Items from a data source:

-------

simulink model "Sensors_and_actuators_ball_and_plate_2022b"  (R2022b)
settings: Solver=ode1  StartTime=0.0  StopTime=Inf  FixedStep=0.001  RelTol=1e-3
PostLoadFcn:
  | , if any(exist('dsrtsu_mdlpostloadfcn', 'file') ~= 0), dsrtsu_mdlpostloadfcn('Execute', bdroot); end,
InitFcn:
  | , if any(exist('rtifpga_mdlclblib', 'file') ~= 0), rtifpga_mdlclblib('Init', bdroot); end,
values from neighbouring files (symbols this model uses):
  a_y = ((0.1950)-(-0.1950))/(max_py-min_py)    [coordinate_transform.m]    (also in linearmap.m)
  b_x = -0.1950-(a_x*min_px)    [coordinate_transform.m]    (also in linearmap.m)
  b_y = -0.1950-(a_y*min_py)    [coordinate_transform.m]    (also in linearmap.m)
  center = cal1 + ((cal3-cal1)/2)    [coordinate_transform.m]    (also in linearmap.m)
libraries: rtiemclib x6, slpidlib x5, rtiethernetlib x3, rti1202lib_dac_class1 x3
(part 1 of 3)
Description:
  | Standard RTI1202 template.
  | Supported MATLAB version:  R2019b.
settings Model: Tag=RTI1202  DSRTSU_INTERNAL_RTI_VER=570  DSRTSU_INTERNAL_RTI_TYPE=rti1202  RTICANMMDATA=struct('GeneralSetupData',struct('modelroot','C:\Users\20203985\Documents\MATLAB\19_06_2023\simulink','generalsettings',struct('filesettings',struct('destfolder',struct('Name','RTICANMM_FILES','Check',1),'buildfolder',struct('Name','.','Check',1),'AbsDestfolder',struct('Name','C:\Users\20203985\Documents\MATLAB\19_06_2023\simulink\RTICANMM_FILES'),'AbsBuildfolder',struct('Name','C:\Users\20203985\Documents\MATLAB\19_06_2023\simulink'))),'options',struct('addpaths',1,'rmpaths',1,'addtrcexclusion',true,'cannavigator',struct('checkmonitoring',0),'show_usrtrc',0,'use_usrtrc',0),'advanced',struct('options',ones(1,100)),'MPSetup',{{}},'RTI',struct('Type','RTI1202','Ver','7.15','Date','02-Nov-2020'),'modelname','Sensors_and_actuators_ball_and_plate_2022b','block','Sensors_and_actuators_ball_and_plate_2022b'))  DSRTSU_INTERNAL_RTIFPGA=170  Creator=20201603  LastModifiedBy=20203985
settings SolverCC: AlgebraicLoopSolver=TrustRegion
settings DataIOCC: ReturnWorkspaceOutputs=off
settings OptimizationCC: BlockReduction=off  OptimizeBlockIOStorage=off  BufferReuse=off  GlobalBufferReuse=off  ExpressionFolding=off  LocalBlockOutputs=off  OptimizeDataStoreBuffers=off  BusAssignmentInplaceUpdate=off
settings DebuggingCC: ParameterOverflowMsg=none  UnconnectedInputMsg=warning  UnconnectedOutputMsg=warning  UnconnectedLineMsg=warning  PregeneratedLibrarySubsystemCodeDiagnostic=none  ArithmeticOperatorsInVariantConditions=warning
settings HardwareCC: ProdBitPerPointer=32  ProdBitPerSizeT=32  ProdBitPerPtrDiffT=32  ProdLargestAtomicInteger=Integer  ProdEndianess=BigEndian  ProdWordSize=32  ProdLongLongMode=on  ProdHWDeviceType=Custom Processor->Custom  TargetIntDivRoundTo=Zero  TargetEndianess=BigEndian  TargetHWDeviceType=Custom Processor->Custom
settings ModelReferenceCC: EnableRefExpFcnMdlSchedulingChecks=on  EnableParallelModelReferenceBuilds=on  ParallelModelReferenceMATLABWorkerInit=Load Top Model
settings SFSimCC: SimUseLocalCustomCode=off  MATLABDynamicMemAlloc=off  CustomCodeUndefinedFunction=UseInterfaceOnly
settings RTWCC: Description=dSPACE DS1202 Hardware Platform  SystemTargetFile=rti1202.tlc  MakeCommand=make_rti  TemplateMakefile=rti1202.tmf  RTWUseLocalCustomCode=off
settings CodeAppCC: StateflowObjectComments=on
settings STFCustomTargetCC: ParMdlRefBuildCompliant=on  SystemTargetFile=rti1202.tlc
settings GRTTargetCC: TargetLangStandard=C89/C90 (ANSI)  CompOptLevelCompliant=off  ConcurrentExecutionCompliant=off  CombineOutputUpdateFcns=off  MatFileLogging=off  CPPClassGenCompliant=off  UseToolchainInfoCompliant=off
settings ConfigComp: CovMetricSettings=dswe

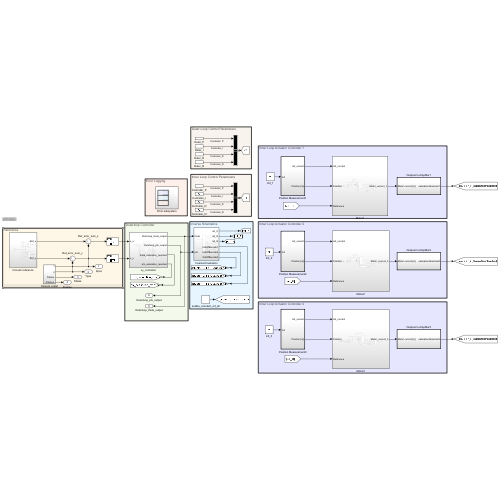
[thumbnail: Simulink's stored preview of the top-level diagram]
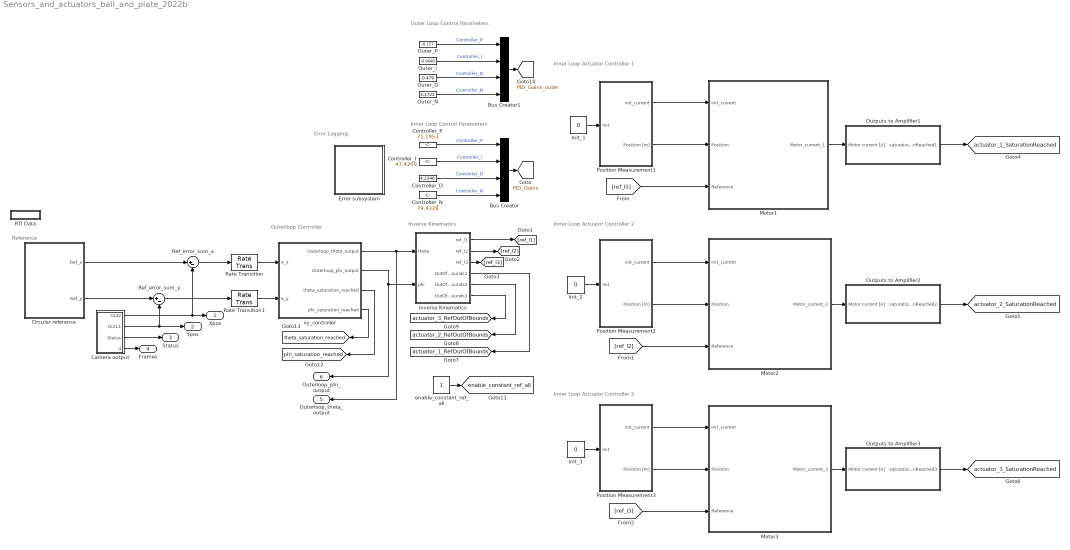
== system Sensors_and_actuators_ball_and_plate_2022b ==
  note: Inner Loop Control Parameters
  note: Error Logging
  note: Inverse Kinematics
  note: Inner Loop Actuator Controller 1
  note: Inner Loop Actuator Controller 2
  note: Inner Loop Actuator Controller 2
  note: Outerloop Controller
  note: Reference
  note: Outer Loop Control Parameters
  Bus Creator : BusCreator  Inputs=4
  Bus Creator1 : BusCreator  Inputs=4
  Camera output : Subsystem
  Circular reference : Subsystem
  Controller_D : Constant  Value=4.2346
  Controller_I : Constant  Value=47.4209
  Controller_N : Constant  Value=79.4328
  Controller_P : Constant  Value=71.1953
  Error subsystem : Subsystem
  Init_1 : Constant  Value=0
  Init_2 : Constant  Value=0
  Inverse Kinematics : Subsystem
  Motor1 : Subsystem
  Motor2 : Subsystem
  Motor3 : Subsystem
  Outer_D : Constant  Value=-0.479
  Outer_I : Constant  Value=-0.0648
  Outer_N : Constant  Value=3.1722
  Outer_P : Constant  Value=-0.157
  Outputs to Amplifier1 : Subsystem  TreatAsAtomicUnit=on
  Outputs to Amplifier2 : Subsystem  TreatAsAtomicUnit=on
  Outputs to Amplifier3 : Subsystem  TreatAsAtomicUnit=on
  Position Measurement1 : Subsystem  TreatAsAtomicUnit=on
  Position Measurement2 : Subsystem  TreatAsAtomicUnit=on
  Position Measurement3 : Subsystem  TreatAsAtomicUnit=on
  RTI Data : Subsystem  Tag=struct('RTIDataServer',struct('RTIDataServerVs','2','RTIModelDescription','struct(''main'',''Sensors_and_actuators_ball_and_plate_2022b'',''sub'','''',''isMp'',0)'))  LoadFcn="if exist('rtidc'), try,  rtidc('DataHostBlockClbLoad', gcbh); catch, disp(['Warning: ''LoadFcn'' for RTI Data block failed: ' lasterr]); end, end,"  mask(RTI_DATA_HOST){}
      mask help:
      | RTI Data Block.
      | This block is used by RTI to store internal model-dependent data.
      | Please keep this block on the root level of the model. Deleting this block will result in data loss.
      |
      | NEVER DELETE OR COPY THIS BLOCK!
      settings: CopyFcn="if exist('rtidc'), try,  rtidc('DataHostBlockClbCopy', gcbh); catch, disp(['Warning: ''CopyFcn'' for RTI Data block failed: ' lasterr]); end, end,"  DeleteFcn="if exist('rtidc'), try,  rtidc('DataHostBlockClbDelete', gcbh); catch, disp(['Warning: ''DeleteFcn'' for RTI Data block failed: ' lasterr]); end, end,"  ModelCloseFcn="if exist('rtidc'), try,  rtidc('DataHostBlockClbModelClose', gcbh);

-------

_DIRECTIONS FOR THIS TASK_
Above are the records; reproduce them exactly and leave out the pictures.

_FINISHED EXERCISE_
simulink model "Sensors_and_actuators_ball_and_plate_2022b"  (R2022b)
settings: Solver=ode1  StartTime=0.0  StopTime=Inf  FixedStep=0.001  RelTol=1e-3
PostLoadFcn:
  | , if any(exist('dsrtsu_mdlpostloadfcn', 'file') ~= 0), dsrtsu_mdlpostloadfcn('Execute', bdroot); end,
InitFcn:
  | , if any(exist('rtifpga_mdlclblib', 'file') ~= 0), rtifpga_mdlclblib('Init', bdroot); end,
values from neighbouring files (symbols this model uses):
  a_y = ((0.1950)-(-0.1950))/(max_py-min_py)    [coordinate_transform.m]    (also in linearmap.m)
  b_x = -0.1950-(a_x*min_px)    [coordinate_transform.m]    (also in linearmap.m)
  b_y = -0.1950-(a_y*min_py)    [coordinate_transform.m]    (also in linearmap.m)
  center = cal1 + ((cal3-cal1)/2)    [coordinate_transform.m]    (also in linearmap.m)
libraries: rtiemclib x6, slpidlib x5, rtiethernetlib x3, rti1202lib_dac_class1 x3
(part 1 of 3)
Description:
  | Standard RTI1202 template.
  | Supported MATLAB version:  R2019b.
settings Model: Tag=RTI1202  DSRTSU_INTERNAL_RTI_VER=570  DSRTSU_INTERNAL_RTI_TYPE=rti1202  RTICANMMDATA=struct('GeneralSetupData',struct('modelroot','C:\Users\20203985\Documents\MATLAB\19_06_2023\simulink','generalsettings',struct('filesettings',struct('destfolder',struct('Name','RTICANMM_FILES','Check',1),'buildfolder',struct('Name','.','Check',1),'AbsDestfolder',struct('Name','C:\Users\20203985\Documents\MATLAB\19_06_2023\simulink\RTICANMM_FILES'),'AbsBuildfolder',struct('Name','C:\Users\20203985\Documents\MATLAB\19_06_2023\simulink'))),'options',struct('addpaths',1,'rmpaths',1,'addtrcexclusion',true,'cannavigator',struct('checkmonitoring',0),'show_usrtrc',0,'use_usrtrc',0),'advanced',struct('options',ones(1,100)),'MPSetup',{{}},'RTI',struct('Type','RTI1202','Ver','7.15','Date','02-Nov-2020'),'modelname','Sensors_and_actuators_ball_and_plate_2022b','block','Sensors_and_actuators_ball_and_plate_2022b'))  DSRTSU_INTERNAL_RTIFPGA=170  Creator=20201603  LastModifiedBy=20203985
settings SolverCC: AlgebraicLoopSolver=TrustRegion
settings DataIOCC: ReturnWorkspaceOutputs=off
settings OptimizationCC: BlockReduction=off  OptimizeBlockIOStorage=off  BufferReuse=off  GlobalBufferReuse=off  ExpressionFolding=off  LocalBlockOutputs=off  OptimizeDataStoreBuffers=off  BusAssignmentInplaceUpdate=off
settings DebuggingCC: ParameterOverflowMsg=none  UnconnectedInputMsg=warning  UnconnectedOutputMsg=warning  UnconnectedLineMsg=warning  PregeneratedLibrarySubsystemCodeDiagnostic=none  ArithmeticOperatorsInVariantConditions=warning
settings HardwareCC: ProdBitPerPointer=32  ProdBitPerSizeT=32  ProdBitPerPtrDiffT=32  ProdLargestAtomicInteger=Integer  ProdEndianess=BigEndian  ProdWordSize=32  ProdLongLongMode=on  ProdHWDeviceType=Custom Processor->Custom  TargetIntDivRoundTo=Zero  TargetEndianess=BigEndian  TargetHWDeviceType=Custom Processor->Custom
settings ModelReferenceCC: EnableRefExpFcnMdlSchedulingChecks=on  EnableParallelModelReferenceBuilds=on  ParallelModelReferenceMATLABWorkerInit=Load Top Model
settings SFSimCC: SimUseLocalCustomCode=off  MATLABDynamicMemAlloc=off  CustomCodeUndefinedFunction=UseInterfaceOnly
settings RTWCC: Description=dSPACE DS1202 Hardware Platform  SystemTargetFile=rti1202.tlc  MakeCommand=make_rti  TemplateMakefile=rti1202.tmf  RTWUseLocalCustomCode=off
settings CodeAppCC: StateflowObjectComments=on
settings STFCustomTargetCC: ParMdlRefBuildCompliant=on  SystemTargetFile=rti1202.tlc
settings GRTTargetCC: TargetLangStandard=C89/C90 (ANSI)  CompOptLevelCompliant=off  ConcurrentExecutionCompliant=off  CombineOutputUpdateFcns=off  MatFileLogging=off  CPPClassGenCompliant=off  UseToolchainInfoCompliant=off
settings ConfigComp: CovMetricSettings=dswe

[thumbnail: Simulink's stored preview of the top-level diagram]
== system Sensors_and_actuators_ball_and_plate_2022b ==
  note: Inner Loop Control Parameters
  note: Error Logging
  note: Inverse Kinematics
  note: Inner Loop Actuator Controller 1
  note: Inner Loop Actuator Controller 2
  note: Inner Loop Actuator Controller 2
  note: Outerloop Controller
  note: Reference
  note: Outer Loop Control Parameters
  Bus Creator : BusCreator  Inputs=4
  Bus Creator1 : BusCreator  Inputs=4
  Camera output : Subsystem
  Circular reference : Subsystem
  Controller_D : Constant  Value=4.2346
  Controller_I : Constant  Value=47.4209
  Controller_N : Constant  Value=79.4328
  Controller_P : Constant  Value=71.1953
  Error subsystem : Subsystem
  Init_1 : Constant  Value=0
  Init_2 : Constant  Value=0
  Inverse Kinematics : Subsystem
  Motor1 : Subsystem
  Motor2 : Subsystem
  Motor3 : Subsystem
  Outer_D : Constant  Value=-0.479
  Outer_I : Constant  Value=-0.0648
  Outer_N : Constant  Value=3.1722
  Outer_P : Constant  Value=-0.157
  Outputs to Amplifier1 : Subsystem  TreatAsAtomicUnit=on
  Outputs to Amplifier2 : Subsystem  TreatAsAtomicUnit=on
  Outputs to Amplifier3 : Subsystem  TreatAsAtomicUnit=on
  Position Measurement1 : Subsystem  TreatAsAtomicUnit=on
  Position Measurement2 : Subsystem  TreatAsAtomicUnit=on
  Position Measurement3 : Subsystem  TreatAsAtomicUnit=on
  RTI Data : Subsystem  Tag=struct('RTIDataServer',struct('RTIDataServerVs','2','RTIModelDescription','struct(''main'',''Sensors_and_actuators_ball_and_plate_2022b'',''sub'','''',''isMp'',0)'))  LoadFcn="if exist('rtidc'), try,  rtidc('DataHostBlockClbLoad', gcbh); catch, disp(['Warning: ''LoadFcn'' for RTI Data block failed: ' lasterr]); end, end,"  mask(RTI_DATA_HOST){}
      mask help:
      | RTI Data Block.
      | This block is used by RTI to store internal model-dependent data.
      | Please keep this block on the root level of the model. Deleting this block will result in data loss.
      |
      | NEVER DELETE OR COPY THIS BLOCK!
      settings: CopyFcn="if exist('rtidc'), try,  rtidc('DataHostBlockClbCopy', gcbh); catch, disp(['Warning: ''CopyFcn'' for RTI Data block failed: ' lasterr]); end, end,"  DeleteFcn="if exist('rtidc'), try,  rtidc('DataHostBlockClbDelete', gcbh); catch, disp(['Warning: ''DeleteFcn'' for RTI Data block failed: ' lasterr]); end, end,"  ModelCloseFcn="if exist('rtidc'), try,  rtidc('DataHostBlockClbModelClose', gcbh);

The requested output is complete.